[Try it] Restate the entries below exactly, and keep all images out of the answer.

[Excerpts from a dataset]
======

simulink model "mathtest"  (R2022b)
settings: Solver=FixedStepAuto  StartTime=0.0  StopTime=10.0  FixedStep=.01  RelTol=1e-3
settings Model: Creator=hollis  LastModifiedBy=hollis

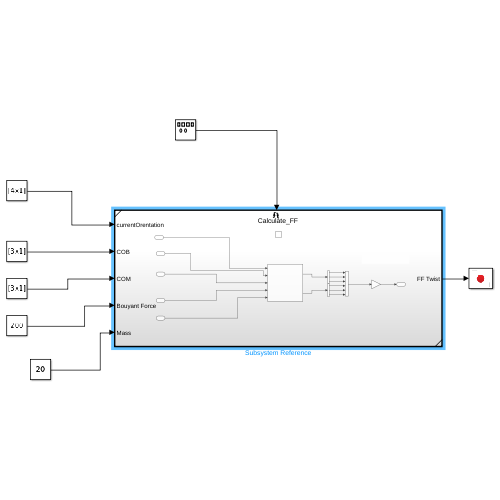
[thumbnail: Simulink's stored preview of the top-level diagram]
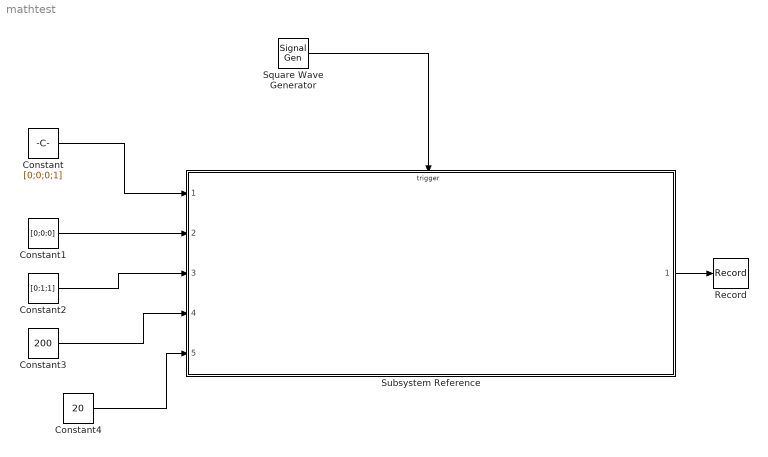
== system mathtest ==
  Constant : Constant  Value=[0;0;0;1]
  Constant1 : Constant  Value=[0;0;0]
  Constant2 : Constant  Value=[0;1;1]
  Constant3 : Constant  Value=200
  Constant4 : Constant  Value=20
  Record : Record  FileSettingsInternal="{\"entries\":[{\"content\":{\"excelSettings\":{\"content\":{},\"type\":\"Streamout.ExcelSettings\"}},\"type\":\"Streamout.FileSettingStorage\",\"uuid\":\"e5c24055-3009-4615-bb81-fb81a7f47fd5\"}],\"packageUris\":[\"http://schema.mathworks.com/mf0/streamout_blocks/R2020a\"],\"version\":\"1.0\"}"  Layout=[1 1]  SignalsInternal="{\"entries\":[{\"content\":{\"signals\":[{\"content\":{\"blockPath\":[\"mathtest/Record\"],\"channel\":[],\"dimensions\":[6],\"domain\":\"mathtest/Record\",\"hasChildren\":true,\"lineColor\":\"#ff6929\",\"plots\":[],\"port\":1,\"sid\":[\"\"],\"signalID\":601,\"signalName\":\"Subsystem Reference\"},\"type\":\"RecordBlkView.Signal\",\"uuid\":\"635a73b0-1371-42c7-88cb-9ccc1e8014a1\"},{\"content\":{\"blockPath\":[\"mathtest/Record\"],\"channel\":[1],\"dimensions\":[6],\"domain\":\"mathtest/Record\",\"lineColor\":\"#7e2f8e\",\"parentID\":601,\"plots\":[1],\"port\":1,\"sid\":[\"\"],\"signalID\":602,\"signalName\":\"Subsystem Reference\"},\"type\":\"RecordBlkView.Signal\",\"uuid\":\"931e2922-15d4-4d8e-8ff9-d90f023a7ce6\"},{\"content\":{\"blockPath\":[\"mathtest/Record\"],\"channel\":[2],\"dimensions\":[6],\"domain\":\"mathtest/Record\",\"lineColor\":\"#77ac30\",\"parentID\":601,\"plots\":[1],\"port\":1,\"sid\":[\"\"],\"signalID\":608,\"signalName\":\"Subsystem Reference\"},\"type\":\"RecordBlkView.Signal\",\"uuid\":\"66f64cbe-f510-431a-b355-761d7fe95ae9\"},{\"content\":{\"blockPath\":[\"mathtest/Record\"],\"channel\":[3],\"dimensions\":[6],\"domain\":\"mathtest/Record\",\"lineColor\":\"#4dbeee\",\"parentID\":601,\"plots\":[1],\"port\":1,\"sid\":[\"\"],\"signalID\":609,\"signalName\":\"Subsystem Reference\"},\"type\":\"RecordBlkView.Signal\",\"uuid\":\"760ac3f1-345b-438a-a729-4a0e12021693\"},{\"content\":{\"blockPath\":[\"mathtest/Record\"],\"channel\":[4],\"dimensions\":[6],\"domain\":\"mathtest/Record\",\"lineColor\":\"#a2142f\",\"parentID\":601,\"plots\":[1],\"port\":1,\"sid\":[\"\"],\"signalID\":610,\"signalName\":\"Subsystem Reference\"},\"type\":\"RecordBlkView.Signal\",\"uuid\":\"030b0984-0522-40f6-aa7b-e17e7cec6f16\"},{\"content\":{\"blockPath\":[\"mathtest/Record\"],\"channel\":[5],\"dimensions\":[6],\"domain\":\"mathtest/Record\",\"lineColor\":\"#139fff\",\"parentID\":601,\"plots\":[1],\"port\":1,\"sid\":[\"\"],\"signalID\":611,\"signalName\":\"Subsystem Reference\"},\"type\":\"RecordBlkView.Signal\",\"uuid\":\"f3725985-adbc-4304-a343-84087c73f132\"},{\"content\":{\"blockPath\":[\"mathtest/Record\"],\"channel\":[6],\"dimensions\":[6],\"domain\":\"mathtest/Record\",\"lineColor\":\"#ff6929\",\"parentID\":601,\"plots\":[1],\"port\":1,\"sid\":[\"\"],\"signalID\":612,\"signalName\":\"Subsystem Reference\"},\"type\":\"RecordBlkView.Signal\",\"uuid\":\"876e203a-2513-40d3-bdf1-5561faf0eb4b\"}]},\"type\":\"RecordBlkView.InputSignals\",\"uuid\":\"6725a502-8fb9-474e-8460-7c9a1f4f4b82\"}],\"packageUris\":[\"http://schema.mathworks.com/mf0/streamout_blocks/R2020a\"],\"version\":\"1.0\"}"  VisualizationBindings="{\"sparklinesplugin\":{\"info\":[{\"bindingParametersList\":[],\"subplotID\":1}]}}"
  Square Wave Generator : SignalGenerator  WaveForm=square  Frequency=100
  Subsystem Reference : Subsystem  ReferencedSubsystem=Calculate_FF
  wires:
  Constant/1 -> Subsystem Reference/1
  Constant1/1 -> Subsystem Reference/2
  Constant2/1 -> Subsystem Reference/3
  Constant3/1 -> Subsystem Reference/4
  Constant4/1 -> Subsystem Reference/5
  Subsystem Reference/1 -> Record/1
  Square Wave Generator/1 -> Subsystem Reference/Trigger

======

[Reply to the exercise]
simulink model "mathtest"  (R2022b)
settings: Solver=FixedStepAuto  StartTime=0.0  StopTime=10.0  FixedStep=.01  RelTol=1e-3
settings Model: Creator=hollis  LastModifiedBy=hollis

[thumbnail: Simulink's stored preview of the top-level diagram]
== system mathtest ==
  Constant : Constant  Value=[0;0;0;1]
  Constant1 : Constant  Value=[0;0;0]
  Constant2 : Constant  Value=[0;1;1]
  Constant3 : Constant  Value=200
  Constant4 : Constant  Value=20
  Record : Record  FileSettingsInternal="{\"entries\":[{\"content\":{\"excelSettings\":{\"content\":{},\"type\":\"Streamout.ExcelSettings\"}},\"type\":\"Streamout.FileSettingStorage\",\"uuid\":\"e5c24055-3009-4615-bb81-fb81a7f47fd5\"}],\"packageUris\":[\"http://schema.mathworks.com/mf0/streamout_blocks/R2020a\"],\"version\":\"1.0\"}"  Layout=[1 1]  SignalsInternal="{\"entries\":[{\"content\":{\"signals\":[{\"content\":{\"blockPath\":[\"mathtest/Record\"],\"channel\":[],\"dimensions\":[6],\"domain\":\"mathtest/Record\",\"hasChildren\":true,\"lineColor\":\"#ff6929\",\"plots\":[],\"port\":1,\"sid\":[\"\"],\"signalID\":601,\"signalName\":\"Subsystem Reference\"},\"type\":\"RecordBlkView.Signal\",\"uuid\":\"635a73b0-1371-42c7-88cb-9ccc1e8014a1\"},{\"content\":{\"blockPath\":[\"mathtest/Record\"],\"channel\":[1],\"dimensions\":[6],\"domain\":\"mathtest/Record\",\"lineColor\":\"#7e2f8e\",\"parentID\":601,\"plots\":[1],\"port\":1,\"sid\":[\"\"],\"signalID\":602,\"signalName\":\"Subsystem Reference\"},\"type\":\"RecordBlkView.Signal\",\"uuid\":\"931e2922-15d4-4d8e-8ff9-d90f023a7ce6\"},{\"content\":{\"blockPath\":[\"mathtest/Record\"],\"channel\":[2],\"dimensions\":[6],\"domain\":\"mathtest/Record\",\"lineColor\":\"#77ac30\",\"parentID\":601,\"plots\":[1],\"port\":1,\"sid\":[\"\"],\"signalID\":608,\"signalName\":\"Subsystem Reference\"},\"type\":\"RecordBlkView.Signal\",\"uuid\":\"66f64cbe-f510-431a-b355-761d7fe95ae9\"},{\"content\":{\"blockPath\":[\"mathtest/Record\"],\"channel\":[3],\"dimensions\":[6],\"domain\":\"mathtest/Record\",\"lineColor\":\"#4dbeee\",\"parentID\":601,\"plots\":[1],\"port\":1,\"sid\":[\"\"],\"signalID\":609,\"signalName\":\"Subsystem Reference\"},\"type\":\"RecordBlkView.Signal\",\"uuid\":\"760ac3f1-345b-438a-a729-4a0e12021693\"},{\"content\":{\"blockPath\":[\"mathtest/Record\"],\"channel\":[4],\"dimensions\":[6],\"domain\":\"mathtest/Record\",\"lineColor\":\"#a2142f\",\"parentID\":601,\"plots\":[1],\"port\":1,\"sid\":[\"\"],\"signalID\":610,\"signalName\":\"Subsystem Reference\"},\"type\":\"RecordBlkView.Signal\",\"uuid\":\"030b0984-0522-40f6-aa7b-e17e7cec6f16\"},{\"content\":{\"blockPath\":[\"mathtest/Record\"],\"channel\":[5],\"dimensions\":[6],\"domain\":\"mathtest/Record\",\"lineColor\":\"#139fff\",\"parentID\":601,\"plots\":[1],\"port\":1,\"sid\":[\"\"],\"signalID\":611,\"signalName\":\"Subsystem Reference\"},\"type\":\"RecordBlkView.Signal\",\"uuid\":\"f3725985-adbc-4304-a343-84087c73f132\"},{\"content\":{\"blockPath\":[\"mathtest/Record\"],\"channel\":[6],\"dimensions\":[6],\"domain\":\"mathtest/Record\",\"lineColor\":\"#ff6929\",\"parentID\":601,\"plots\":[1],\"port\":1,\"sid\":[\"\"],\"signalID\":612,\"signalName\":\"Subsystem Reference\"},\"type\":\"RecordBlkView.Signal\",\"uuid\":\"876e203a-2513-40d3-bdf1-5561faf0eb4b\"}]},\"type\":\"RecordBlkView.InputSignals\",\"uuid\":\"6725a502-8fb9-474e-8460-7c9a1f4f4b82\"}],\"packageUris\":[\"http://schema.mathworks.com/mf0/streamout_blocks/R2020a\"],\"version\":\"1.0\"}"  VisualizationBindings="{\"sparklinesplugin\":{\"info\":[{\"bindingParametersList\":[],\"subplotID\":1}]}}"
  Square Wave Generator : SignalGenerator  WaveForm=square  Frequency=100
  Subsystem Reference : Subsystem  ReferencedSubsystem=Calculate_FF
  wires:
  Constant/1 -> Subsystem Reference/1
  Constant1/1 -> Subsystem Reference/2
  Constant2/1 -> Subsystem Reference/3
  Constant3/1 -> Subsystem Reference/4
  Constant4/1 -> Subsystem Reference/5
  Subsystem Reference/1 -> Record/1
  Square Wave Generator/1 -> Subsystem Reference/Trigger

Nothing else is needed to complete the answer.